# Commercial Painting New Port Richey Florida



## aaron61 (Apr 29, 2007)

Guys just finished this 1 Friday.Nice little Shopping center in New Port Richey.


----------



## WisePainter (Dec 27, 2008)

nice, what's used on the steel roof?

do you use flex bon much?


----------



## aaron61 (Apr 29, 2007)

wisepainter said:


> nice, what's used on the steel roof?
> 
> Do you use flex bon much?


dtm...............


----------



## Lambrecht (Feb 8, 2010)

Nice work. How many manhours?


----------



## Bender (Aug 10, 2008)

aaron61 said:


> dtm...............


Any special prep?


----------



## aaron61 (Apr 29, 2007)

Nothin special.Just pressure wash,seal & paint.


----------



## aaron61 (Apr 29, 2007)

lambrecht said:


> nice work. How many manhours?


250...............


----------



## prototype66 (Mar 13, 2008)

I loved doing these. Did one in Melbourne and a couple in Kissimmee.
Man I wish I could get back to Florida!
Love working there! Looks great Aaron!


----------



## wills fresh coat (Nov 17, 2011)

nice...that would be about a $400,000 for pauly :whistling2:


----------



## prototype66 (Mar 13, 2008)

How many on the crew Aaron? Was it a straight shot across the back too or just front and sides? Looks to be about 20 store fronts?


----------



## aaron61 (Apr 29, 2007)

prototype66 said:


> How many on the crew Aaron? Was it a straight shot across the back too or just front and sides? Looks to be about 20 store fronts?


On that project.2 at all times.A few days of 5 & 6 guys. The canopy goes all the way around but nothin fancy back there just blow & go.


----------



## straight_lines (Oct 17, 2007)

So only 100k instead then. 

Nice work as always. I miss Clearwater beach.


----------



## Bender (Aug 10, 2008)

wills fresh coat said:


> nice...that would be about a $400,000 for pauly :whistling2:


or 40 JP hours


----------



## Paradigmzz (May 5, 2010)

Bender said:


> or 40 JP hours




:stupid:


----------



## TJ Paint (Jun 18, 2009)

Looks great.

Wondering why you chose to use ladders instead of a scissor lift.

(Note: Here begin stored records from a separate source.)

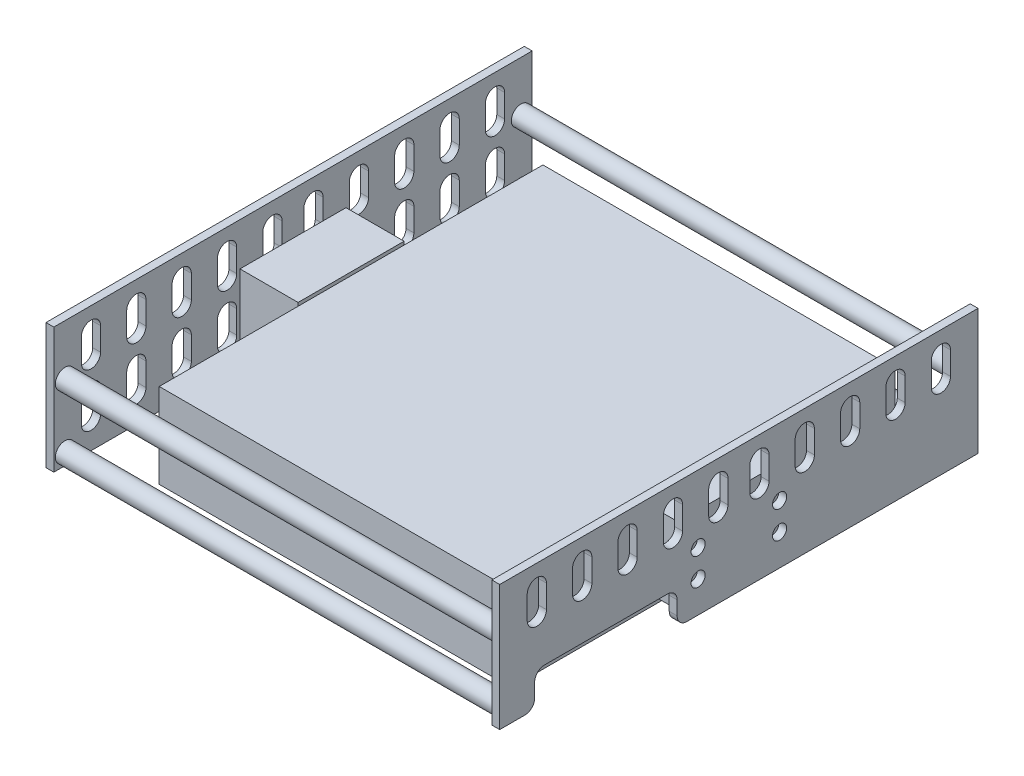
SolidWorks part; units mm, degrees
ref_plane "Front Plane" through (0, 0, 0) normal (0, 0, 1) x (1, 0, 0)
ref_plane "Top Plane" through (0, 0, 0) normal (0, 1, 0) x (1, 0, 0)
ref_plane "Right Plane" through (0, 0, 0) normal (1, 0, 0) x (0, 0, -1)
sketch "Sketch1" plane through (0, 0, 0) normal (1, 0, 0) x (0, 0, -1)
  line L0 (0, 0) -> (0, -16.4338) construction
  line L1 (0, 0) -> (55.8004, 0) construction
  line L2 (0, -16.4338) -> (117.9322, -16.4338) construction
  line L3 (117.9322, -16.4338) -> (117.9322, 0) construction
  line L4 (-2.5019, -18.9357) -> (120.4341, -18.9357) construction
  line L5 (-2.5019, 2.5019) -> (120.4341, 2.5019) construction
  line L6 (-2.5019, 2.5019) -> (-2.5019, -18.9357) construction
  line L7 (120.4341, 2.5019) -> (120.4341, -18.9357) construction
  circle A0 centre (0, 0) radius 2.5019
  circle A1 centre (0, -16.4338) radius 2.5019
  circle A2 centre (117.9322, -16.4338) radius 2.5019
  circle A3 centre (117.9322, 0) radius 2.5019
  dimension "D2" = 5.0038
  dimension "D3" = 21.4376
  dimension "D4" = 122.936
extrude "Boss-Extrude1" add sketch "Sketch1" along normal blind 115.316
ref_plane "Plane1" through (12.7, 0, 0) normal (1, 0, 0) x (0, 0, -1)
sketch "Sketch5" plane through (0, 0, 0) normal (1, 0, 0) x (0, 0, -1)
  line L4 (0, 0) -> (117.9322, -16.4338) construction
  line L5 (58.9661, 12.954) -> (58.9661, -19.558) construction
  line L6 (4.2291, -14.9987) -> (4.2291, 9.7028) construction
  line L8 (6.7183, 1.27) -> (6.7183, 7.2136) construction
  line L10 (4.2291, 9.7028) -> (113.7031, 9.7028) construction
  line L15 (113.7031, -14.9987) -> (4.2291, -14.9987) construction
  line L20 (117.9322, 0) -> (0, -16.4338) construction
  line L29 (64.2747, 1.27) -> (64.2747, 7.2136) construction
  line L38 (66.7639, 1.27) -> (66.7639, 7.2136)
  line L45 (61.7855, 1.27) -> (61.7855, 7.2136)
  line L52 (64.2747, -12.5095) -> (64.2747, -6.5659) construction
  line L61 (66.7639, -12.5095) -> (66.7639, -6.5659)
  line L70 (61.7855, -12.5095) -> (61.7855, -6.5659)
  line L76 (-2.8829, -19.558) -> (120.8151, -19.558)
  line L77 (-2.8829, -19.558) -> (-2.8829, 12.954)
  line L78 (-2.8829, 12.954) -> (120.8151, 12.954)
  line L79 (120.8151, -19.558) -> (120.8151, 12.954)
  line L80 (76.0095, -12.5095) -> (76.0095, -6.5659) construction
  line L81 (78.4987, -12.5095) -> (78.4987, -6.5659)
  line L82 (4.2291, 1.27) -> (4.2291, 7.2136)
  line L83 (9.2075, 1.27) -> (9.2075, 7.2136)
  line L84 (4.2291, 9.7028) -> (9.2075, 9.7028) construction
  line L85 (9.2075, 9.7028) -> (9.2075, -1.2192) construction
  line L86 (9.2075, -1.2192) -> (4.2291, -1.2192) construction
  line L87 (4.2291, -1.2192) -> (4.2291, 9.7028) construction
  line L88 (18.4531, 1.27) -> (18.4531, 7.2136) construction
  line L89 (15.9639, 1.27) -> (15.9639, 7.2136)
  line L90 (20.9423, 1.27) -> (20.9423, 7.2136)
  line L91 (30.1879, 1.27) -> (30.1879, 7.2136) construction
  line L92 (27.6987, 1.27) -> (27.6987, 7.2136)
  line L93 (32.6771, 1.27) -> (32.6771, 7.2136)
  line L94 (41.9227, 1.27) -> (41.9227, 7.2136) construction
  line L95 (39.4335, 1.27) -> (39.4335, 7.2136)
  line L96 (44.4119, 1.27) -> (44.4119, 7.2136)
  line L97 (53.6575, 1.27) -> (53.6575, 7.2136) construction
  line L98 (51.1683, 1.27) -> (51.1683, 7.2136)
  line L99 (56.1467, 1.27) -> (56.1467, 7.2136)
  line L100 (18.4531, -12.5095) -> (18.4531, -6.5659) construction
  line L101 (15.9639, -12.5095) -> (15.9639, -6.5659)
  line L102 (20.9423, -12.5095) -> (20.9423, -6.5659)
  line L103 (30.1879, -12.5095) -> (30.1879, -6.5659) construction
  line L104 (27.6987, -12.5095) -> (27.6987, -6.5659)
  line L105 (32.6771, -12.5095) -> (32.6771, -6.5659)
  line L106 (41.9227, -12.5095) -> (41.9227, -6.5659) construction
  line L107 (39.4335, -12.5095) -> (39.4335, -6.5659)
  line L108 (44.4119, -12.5095) -> (44.4119, -6.5659)
  line L109 (53.6575, -12.5095) -> (53.6575, -6.5659) construction
  line L110 (51.1683, -12.5095) -> (51.1683, -6.5659)
  line L111 (56.1467, -12.5095) -> (56.1467, -6.5659)
  line L112 (6.7183, -12.5095) -> (6.7183, -6.5659) construction
  line L113 (4.2291, -12.5095) -> (4.2291, -6.5659)
  line L114 (9.2075, -12.5095) -> (9.2075, -6.5659)
  line L116 (73.5203, -12.5095) -> (73.5203, -6.5659)
  line L117 (113.7031, 9.7028) -> (113.7031, -14.9987) construction
  line L118 (76.0095, 1.27) -> (76.0095, 7.2136) construction
  line L119 (78.4987, 1.27) -> (78.4987, 7.2136)
  line L120 (73.5203, 1.27) -> (73.5203, 7.2136)
  line L121 (87.7443, 1.27) -> (87.7443, 7.2136) construction
  line L122 (90.2335, 1.27) -> (90.2335, 7.2136)
  line L123 (85.2551, 1.27) -> (85.2551, 7.2136)
  line L124 (87.7443, -12.5095) -> (87.7443, -6.5659) construction
  line L125 (90.2335, -12.5095) -> (90.2335, -6.5659)
  line L126 (85.2551, -12.5095) -> (85.2551, -6.5659)
  line L127 (99.4791, -12.5095) -> (99.4791, -6.5659) construction
  line L128 (101.9683, -12.5095) -> (101.9683, -6.5659)
  line L129 (96.9899, -12.5095) -> (96.9899, -6.5659)
  line L130 (99.4791, 1.27) -> (99.4791, 7.2136) construction
  line L131 (101.9683, 1.27) -> (101.9683, 7.2136)
  line L132 (96.9899, 1.27) -> (96.9899, 7.2136)
  line L133 (111.2139, 1.27) -> (111.2139, 7.2136) construction
  line L134 (113.7031, 1.27) -> (113.7031, 7.2136)
  line L135 (108.7247, 1.27) -> (108.7247, 7.2136)
  line L136 (111.2139, -12.5095) -> (111.2139, -6.5659) construction
  line L137 (113.7031, -12.5095) -> (113.7031, -6.5659)
  line L138 (108.7247, -12.5095) -> (108.7247, -6.5659)
  line L140 (-6.1459, 2.5019) -> (0, 2.5019) construction
  line L146 (46.609, -13.3223) -> (71.3232, -13.3223) construction
  line L147 (46.609, -13.3223) -> (46.609, -2.6162) construction
  line L148 (46.609, -2.6162) -> (71.3232, -2.6162) construction
  line L149 (71.3232, -13.3223) -> (71.3232, -2.6162) construction
  line L150 (46.609, -13.3223) -> (71.3232, -2.6162) construction
  line L151 (46.609, -2.6162) -> (71.3232, -13.3223) construction
  arc A40 (4.2291, 1.27) -> (9.2075, 1.27) centre (6.7183, 1.27) ccw
  arc A41 (9.2075, 7.2136) -> (4.2291, 7.2136) centre (6.7183, 7.2136) ccw
  arc A42 (15.9639, 1.27) -> (20.9423, 1.27) centre (18.4531, 1.27) ccw
  arc A43 (20.9423, 7.2136) -> (15.9639, 7.2136) centre (18.4531, 7.2136) ccw
  arc A44 (27.6987, 1.27) -> (32.6771, 1.27) centre (30.1879, 1.27) ccw
  arc A45 (32.6771, 7.2136) -> (27.6987, 7.2136) centre (30.1879, 7.2136) ccw
  arc A46 (39.4335, 1.27) -> (44.4119, 1.27) centre (41.9227, 1.27) ccw
  arc A47 (44.4119, 7.2136) -> (39.4335, 7.2136) centre (41.9227, 7.2136) ccw
  arc A48 (51.1683, 1.27) -> (56.1467, 1.27) centre (53.6575, 1.27) ccw
  arc A49 (56.1467, 7.2136) -> (51.1683, 7.2136) centre (53.6575, 7.2136) ccw
  arc A50 (15.9639, -12.5095) -> (20.9423, -12.5095) centre (18.4531, -12.5095) ccw
  arc A51 (20.9423, -6.5659) -> (15.9639, -6.5659) centre (18.4531, -6.5659) ccw
  arc A52 (27.6987, -12.5095) -> (32.6771, -12.5095) centre (30.1879, -12.5095) ccw
  arc A53 (32.6771, -6.5659) -> (27.6987, -6.5659) centre (30.1879, -6.5659) ccw
  arc A54 (39.4335, -12.5095) -> (44.4119, -12.5095) centre (41.9227, -12.5095) ccw
  arc A55 (44.4119, -6.5659) -> (39.4335, -6.5659) centre (41.9227, -6.5659) ccw
  arc A56 (51.1683, -12.5095) -> (56.1467, -12.5095) centre (53.6575, -12.5095) ccw
  arc A57 (56.1467, -6.5659) -> (51.1683, -6.5659) centre (53.6575, -6.5659) ccw
  arc A58 (4.2291, -12.5095) -> (9.2075, -12.5095) centre (6.7183, -12.5095) ccw
  arc A59 (9.2075, -6.5659) -> (4.2291, -6.5659) centre (6.7183, -6.5659) ccw
  circle A60 centre (0, 0) radius 2.5019 construction
  circle A61 centre (0, -16.4338) radius 2.5019 construction
  circle A62 centre (117.9322, 0) radius 2.5019 construction
  circle A63 centre (117.9322, -16.4338) radius 2.5019 construction
  arc A64 (66.7639, 1.27) -> (61.7855, 1.27) centre (64.2747, 1.27) cw
  arc A65 (61.7855, 7.2136) -> (66.7639, 7.2136) centre (64.2747, 7.2136) cw
  arc A66 (66.7639, -12.5095) -> (61.7855, -12.5095) centre (64.2747, -12.5095) cw
  arc A67 (61.7855, -6.5659) -> (66.7639, -6.5659) centre (64.2747, -6.5659) cw
  arc A68 (78.4987, -12.5095) -> (73.5203, -12.5095) centre (76.0095, -12.5095) cw
  arc A69 (73.5203, -6.5659) -> (78.4987, -6.5659) centre (76.0095, -6.5659) cw
  arc A70 (78.4987, 1.27) -> (73.5203, 1.27) centre (76.0095, 1.27) cw
  arc A71 (73.5203, 7.2136) -> (78.4987, 7.2136) centre (76.0095, 7.2136) cw
  arc A72 (90.2335, 1.27) -> (85.2551, 1.27) centre (87.7443, 1.27) cw
  arc A73 (85.2551, 7.2136) -> (90.2335, 7.2136) centre (87.7443, 7.2136) cw
  arc A74 (90.2335, -12.5095) -> (85.2551, -12.5095) centre (87.7443, -12.5095) cw
  arc A75 (85.2551, -6.5659) -> (90.2335, -6.5659) centre (87.7443, -6.5659) cw
  arc A76 (101.9683, -12.5095) -> (96.9899, -12.5095) centre (99.4791, -12.5095) cw
  arc A77 (96.9899, -6.5659) -> (101.9683, -6.5659) centre (99.4791, -6.5659) cw
  arc A78 (101.9683, 1.27) -> (96.9899, 1.27) centre (99.4791, 1.27) cw
  arc A79 (96.9899, 7.2136) -> (101.9683, 7.2136) centre (99.4791, 7.2136) cw
  arc A80 (113.7031, 1.27) -> (108.7247, 1.27) centre (111.2139, 1.27) cw
  arc A81 (108.7247, 7.2136) -> (113.7031, 7.2136) centre (111.2139, 7.2136) cw
  arc A82 (113.7031, -12.5095) -> (108.7247, -12.5095) centre (111.2139, -12.5095) cw
  arc A83 (108.7247, -6.5659) -> (113.7031, -6.5659) centre (111.2139, -6.5659) cw
  circle A84 centre (48.4314, -4.4386) radius 1.8225
  circle A85 centre (48.4314, -11.4998) radius 1.8225
  circle A86 centre (69.5007, -4.4386) radius 1.8224
  circle A87 centre (69.5007, -11.4998) radius 1.8224
  point P15 (58.9661, -8.2169)
  point P19 (64.2747, 4.2418)
  point P26 (64.2747, -9.5377)
  point P36 (76.0095, -9.5377)
  point P43 (76.0095, 4.2418)
  point P50 (87.7443, 4.2418)
  point P57 (87.7443, -9.5377)
  point P64 (99.4791, -9.5377)
  point P71 (99.4791, 4.2418)
  point P78 (111.2139, 4.2418)
  point P88 (111.2139, -9.5377)
  point P100 (58.9661, -7.9692)
  point P166 (6.7183, 4.2418)
  point P180 (18.4531, 4.2418)
  point P187 (30.1879, 4.2418)
  point P194 (41.9227, 4.2418)
  point P201 (53.6575, 4.2418)
  point P208 (18.4531, -9.5377)
  point P215 (30.1879, -9.5377)
  point P222 (41.9227, -9.5377)
  point P229 (53.6575, -9.5377)
  point P236 (6.7183, -9.5377)
  dimension "D3" = 123.698
  dimension "D8" = 3.6449
  dimension "D4" = 10.4521
  dimension "D5" = 24.7142
  dimension "D6" = 10.7061
  dimension "D11" = 32.512
  dimension "D13" = 3.2512
  dimension "D14" = 7.112
  dimension "D15" = 4.9784
  dimension "D16" = 10.922
  dimension "D19" = 13.7795
  dimension "D20" = 11.7348
  dimension "D7" = 6.2357
  dimension "D17" = 5
  dimension "D18" = 2
extrude "Boss-Extrude3" add sketch "Sketch5" along normal blind 2.032
ref_plane "Plane2" through (115.316, 0, 0) normal (1, 0, 0) x (0, 0, -1)
sketch "Sketch6" plane through (115.316, 0, 0) normal (1, 0, 0) x (0, 0, -1)
  line L0 (120.8151, 12.954) -> (-2.8829, 12.954) construction
  line L1 (-2.8829, -19.558) -> (3.6195, -19.558)
  line L2 (-2.8829, -19.558) -> (-2.8829, 12.954)
  line L3 (-2.8829, 12.954) -> (120.8151, 12.954)
  line L4 (120.8151, -19.558) -> (120.8151, 12.954)
  line L5 (-2.8829, -19.558) -> (120.8151, 12.954) construction
  line L6 (-2.8829, 12.954) -> (120.8151, -19.558) construction
  line L7 (-2.8829, 12.954) -> (-2.8829, -19.558) construction
  line L8 (6.1595, -17.018) -> (6.1595, -13.4112)
  line L9 (8.6995, -10.8712) -> (40.4495, -10.8712)
  line L10 (42.9895, -13.4112) -> (42.9895, -17.018)
  line L11 (45.5295, -19.558) -> (120.8151, -19.558)
  line L88 (15.9639, 7.2136) -> (15.9639, 1.27)
  line L89 (20.9423, 1.27) -> (20.9423, 7.2136)
  line L90 (9.2075, 1.27) -> (9.2075, 7.2136)
  line L91 (4.2291, 7.2136) -> (4.2291, 1.27)
  line L92 (9.2075, 1.27) -> (9.2075, 7.2136)
  line L93 (4.2291, 7.2136) -> (4.2291, 1.27)
  line L94 (27.6987, 7.2136) -> (27.6987, 1.27)
  line L95 (32.6771, 1.27) -> (32.6771, 7.2136)
  line L96 (39.4335, 7.2136) -> (39.4335, 1.27)
  line L97 (44.4119, 1.27) -> (44.4119, 7.2136)
  line L98 (51.1683, 7.2136) -> (51.1683, 1.27)
  line L99 (56.1467, 1.27) -> (56.1467, 7.2136)
  line L100 (15.9639, 7.2136) -> (15.9639, 1.27) construction
  line L101 (58.9661, 12.954) -> (58.9661, -19.558) construction
  line L102 (61.7855, 1.27) -> (61.7855, 7.2136)
  line L103 (66.7639, 7.2136) -> (66.7639, 1.27)
  line L104 (73.5203, 1.27) -> (73.5203, 7.2136)
  line L105 (78.4987, 7.2136) -> (78.4987, 1.27)
  line L106 (85.2551, 1.27) -> (85.2551, 7.2136)
  line L107 (90.2335, 7.2136) -> (90.2335, 1.27)
  line L108 (96.9899, 1.27) -> (96.9899, 7.2136)
  line L109 (101.9683, 7.2136) -> (101.9683, 1.27)
  line L110 (113.7031, 7.2136) -> (113.7031, 1.27)
  line L111 (108.7247, 1.27) -> (108.7247, 7.2136)
  circle A5 centre (48.4314, -4.4386) radius 1.8225
  circle A6 centre (48.4314, -4.4386) radius 1.8225 construction
  circle A7 centre (69.5007, -4.4386) radius 1.8224
  circle A8 centre (69.5007, -11.4998) radius 1.8224
  circle A9 centre (48.4314, -11.4998) radius 1.8225
  circle A10 centre (48.4314, -11.4998) radius 1.8225 construction
  circle A11 centre (69.5007, -11.4998) radius 1.8225 construction
  circle A12 centre (69.5007, -4.4386) radius 1.8225 construction
  arc A70 (20.9423, 7.2136) -> (15.9639, 7.2136) centre (18.4531, 7.2136) ccw
  arc A71 (15.9639, 1.27) -> (20.9423, 1.27) centre (18.4531, 1.27) ccw
  arc A72 (4.2291, 1.27) -> (9.2075, 1.27) centre (6.7183, 1.27) ccw
  arc A73 (9.2075, 7.2136) -> (4.2291, 7.2136) centre (6.7183, 7.2136) ccw
  arc A74 (4.2291, 1.27) -> (9.2075, 1.27) centre (6.7183, 1.27) ccw
  arc A75 (9.2075, 7.2136) -> (4.2291, 7.2136) centre (6.7183, 7.2136) ccw
  arc A76 (32.6771, 7.2136) -> (27.6987, 7.2136) centre (30.1879, 7.2136) ccw
  arc A77 (27.6987, 1.27) -> (32.6771, 1.27) centre (30.1879, 1.27) ccw
  arc A78 (44.4119, 7.2136) -> (39.4335, 7.2136) centre (41.9227, 7.2136) ccw
  arc A79 (39.4335, 1.27) -> (44.4119, 1.27) centre (41.9227, 1.27) ccw
  arc A80 (56.1467, 7.2136) -> (51.1683, 7.2136) centre (53.6575, 7.2136) ccw
  arc A81 (51.1683, 1.27) -> (56.1467, 1.27) centre (53.6575, 1.27) ccw
  arc A82 (61.7855, 7.2136) -> (66.7639, 7.2136) centre (64.2747, 7.2136) cw
  arc A83 (66.7639, 1.27) -> (61.7855, 1.27) centre (64.2747, 1.27) cw
  arc A84 (73.5203, 7.2136) -> (78.4987, 7.2136) centre (76.0095, 7.2136) cw
  arc A85 (78.4987, 1.27) -> (73.5203, 1.27) centre (76.0095, 1.27) cw
  arc A86 (85.2551, 7.2136) -> (90.2335, 7.2136) centre (87.7443, 7.2136) cw
  arc A87 (90.2335, 1.27) -> (85.2551, 1.27) centre (87.7443, 1.27) cw
  arc A88 (96.9899, 7.2136) -> (101.9683, 7.2136) centre (99.4791, 7.2136) cw
  arc A89 (101.9683, 1.27) -> (96.9899, 1.27) centre (99.4791, 1.27) cw
  arc A90 (108.7247, 7.2136) -> (113.7031, 7.2136) centre (111.2139, 7.2136) cw
  arc A91 (113.7031, 1.27) -> (108.7247, 1.27) centre (111.2139, 1.27) cw
  arc A92 (42.9895, -17.018) -> (45.5295, -19.558) centre (45.5295, -17.018) ccw
  arc A93 (40.4495, -10.8712) -> (42.9895, -13.4112) centre (40.4495, -13.4112) cw
  arc A94 (6.1595, -13.4112) -> (8.6995, -10.8712) centre (8.6995, -13.4112) cw
  arc A95 (6.1595, -17.018) -> (3.6195, -19.558) centre (3.6195, -17.018) cw
  point P0 (58.9661, -3.302)
  point P79 (42.9895, -19.558)
  point P82 (42.9895, -10.8712)
  point P85 (6.1595, -10.8712)
  point P88 (6.1595, -19.558)
  dimension "D6" = 2.54
  dimension "D3" = 8.6868
  dimension "D4" = 36.83
  dimension "D5" = 9.0424
  dimension "D1" = 0
  dimension "D2" = 5
extrude "Boss-Extrude4" add sketch "Sketch6" along normal blind 2.032 separate body
sketch "Sketch7" plane through (115.316, 0, 0) normal (-1, 0, 0) x (0, 0, 1)
  line L0 (-69.5007, -4.4386) -> (-48.4314, -11.4998) construction
  line L1 (-72.6758, -17.8498) -> (-45.2564, -17.8498)
  line L2 (-72.6758, -17.8498) -> (-72.6758, 1.9114)
  line L3 (-72.6758, 1.9114) -> (-45.2564, 1.9114)
  line L4 (-45.2564, -17.8498) -> (-45.2564, 1.9114)
  line L5 (-72.6758, -17.8498) -> (-45.2564, 1.9114) construction
  line L6 (-72.6758, 1.9114) -> (-45.2564, -17.8498) construction
  line L7 (-69.5007, -4.4386) -> (-69.5007, 1.9114) construction
  line L8 (-69.5007, -4.4386) -> (-72.6758, -4.4386) construction
  point P0 (-58.9661, -7.9692)
  point P9 (-58.9661, -7.9692)
  dimension "D1" = 6.35
  dimension "D2" = 3.175
extrude "Boss-Extrude5" add sketch "Sketch7" along normal blind 7.239
sketch "Sketch8" plane through (2.032, 0, 0) normal (1, 0, 0) x (0, 0, -1)
  line L0 (48.4314, -4.4386) -> (69.5007, -11.4998) construction
  line L1 (45.2564, -17.8498) -> (72.6757, -17.8498)
  line L2 (45.2564, -17.8498) -> (45.2564, 1.9114)
  line L3 (45.2564, 1.9114) -> (72.6757, 1.9114)
  line L4 (72.6757, -17.8498) -> (72.6757, 1.9114)
  line L5 (45.2564, -17.8498) -> (72.6757, 1.9114) construction
  line L6 (45.2564, 1.9114) -> (72.6757, -17.8498) construction
  line L7 (48.4314, -4.4386) -> (48.4314, 1.9114) construction
  line L8 (48.4314, -4.4386) -> (45.2564, -4.4386) construction
  point P0 (58.9661, -7.9692)
  dimension "D1" = 6.35
  dimension "D2" = 3.175
extrude "Boss-Extrude6" add sketch "Sketch8" along normal blind 15.0241
ref_plane "Plane3" through (0, -20.8915, 0) normal (0, -1, 0) x (-1, 0, 0)
sketch "Sketch9" plane through (0, -20.8915, 0) normal (0, -1, 0) x (-1, 0, 0)
  line L0 (-17.0561, 72.6757) -> (-17.0561, 45.2564) construction
  line L1 (-17.0561, 9.3472) -> (-108.077, 9.3472)
  line L2 (-17.0561, 9.3472) -> (-17.0561, 108.585)
  line L3 (-17.0561, 108.585) -> (-108.077, 108.585)
  line L4 (-108.077, 9.3472) -> (-108.077, 108.585)
  line L5 (-17.0561, 9.3472) -> (-108.077, 108.585) construction
  line L6 (-17.0561, 108.585) -> (-108.077, 9.3472) construction
  line L7 (-108.077, 45.2564) -> (-108.077, 72.6758) construction
  line L8 (-115.316, 115.4303) -> (-2.032, 115.4303) construction
  line L9 (-17.0561, 108.585) -> (-17.0561, 115.4303) construction
  line L10 (-17.0561, 9.3472) -> (-17.0561, 2.5019) construction
  line L11 (-2.032, 2.5019) -> (-115.316, 2.5019) construction
  point P0 (-62.5665, 58.9661)
  dimension "D1" = 6.8453
extrude "Boss-Extrude7" add sketch "Sketch9" against normal blind 21.9329 separate body contours L1 L4 L3 L2
sketch "Sketch10" plane through (17.0561, 0, 0) normal (-1, 0, 0) x (0, 0, 1)
  line L0 (-108.585, 1.0414) -> (-9.3472, -20.8915) construction
  circle A0 centre (-58.9661, -9.9251) radius 0.508
  dimension "D1" = 1.016
extrude "Cut-Extrude1" cut sketch "Sketch10" against normal blind 2.54 and the other way blind 2.54
sketch "Sketch11" plane through (108.077, 0, 0) normal (1, 0, 0) x (0, 0, -1)
  line L0 (9.3472, 1.0414) -> (108.585, -20.8915) construction
  circle A0 centre (58.9661, -9.9251) radius 0.508
  dimension "D1" = 1.016
extrude "Cut-Extrude2" cut sketch "Sketch11" against normal blind 2.54 and the other way blind 2.54
equation "\"x\"= 5cm"

How did you handle controlling traffic while spraying?


----------



## WisePainter (Dec 27, 2008)

TJ Paint said:


> Looks great.
> 
> Wondering why you chose to use ladders instead of a scissor lift.
> 
> How did you handle controlling traffic while spraying?


cost effectiveness.
I would ladder a guy all day at that height.


just a guess of course....


----------



## aaron61 (Apr 29, 2007)

Thank you for answering that wise.


----------



## TJ Paint (Jun 18, 2009)

aaron61 said:


> Thank you for answering that wise.


Yeah, that's why I would ladder it as well and have in those situations.

He didn't answer my question about controlling traffic though.


----------



## CliffK (Dec 21, 2010)

aaron61 said:


> Nothin special.Just pressure wash,seal & paint.


Was there access to water on the exterior of the site Aaron or do you bring a tank of your own for washing/cleaning?


----------



## aaron61 (Apr 29, 2007)

Water was availably at the back,but we can bring it in if we need to.


----------



## Schmidt & Co. (Nov 6, 2008)

Looks great Aaron! :thumbsup:


----------



## MonPeintre.ca (Feb 17, 2011)

aaron61 said:


> dtm...............


Is DTM oil or latex?
Didn't get any overspray on signs?


----------



## MonPeintre.ca (Feb 17, 2011)

Nice work btw


----------



## TJ Paint (Jun 18, 2009)

aaron61 said:


> Water was availably at the back,but we can bring it in if we need to.


I figured you just bought the building from your extra cash from raising prices, so access to water from it would be available.


----------



## straight_lines (Oct 17, 2007)

MonPeintre.ca said:


> Is DTM oil or latex?
> Didn't get any overspray on signs?


Probably acrylic. I think it comes in solvent based, but the acrylic is a great performer.


----------



## TJ Paint (Jun 18, 2009)

MonPeintre.ca said:


> Is DTM oil or latex?
> Didn't get any overspray on signs?


my choice would be acrylic, better color retention.

overspray on signs? who cares, nobody will notice from the ground.


----------



## wills fresh coat (Nov 17, 2011)

dtm is wb


----------



## Bender (Aug 10, 2008)

I would have used a scissor lift.


Blatant attempt to ruin a perfectly good thread:whistling2:


----------



## aaron61 (Apr 29, 2007)

Acrylic. We use lifts when they make sense for us to use.Dollar for dollar.Wouldn't have made sense.
No over spray on signs.Just use paper,shields,small tip,and always spray away from them,not to them.


----------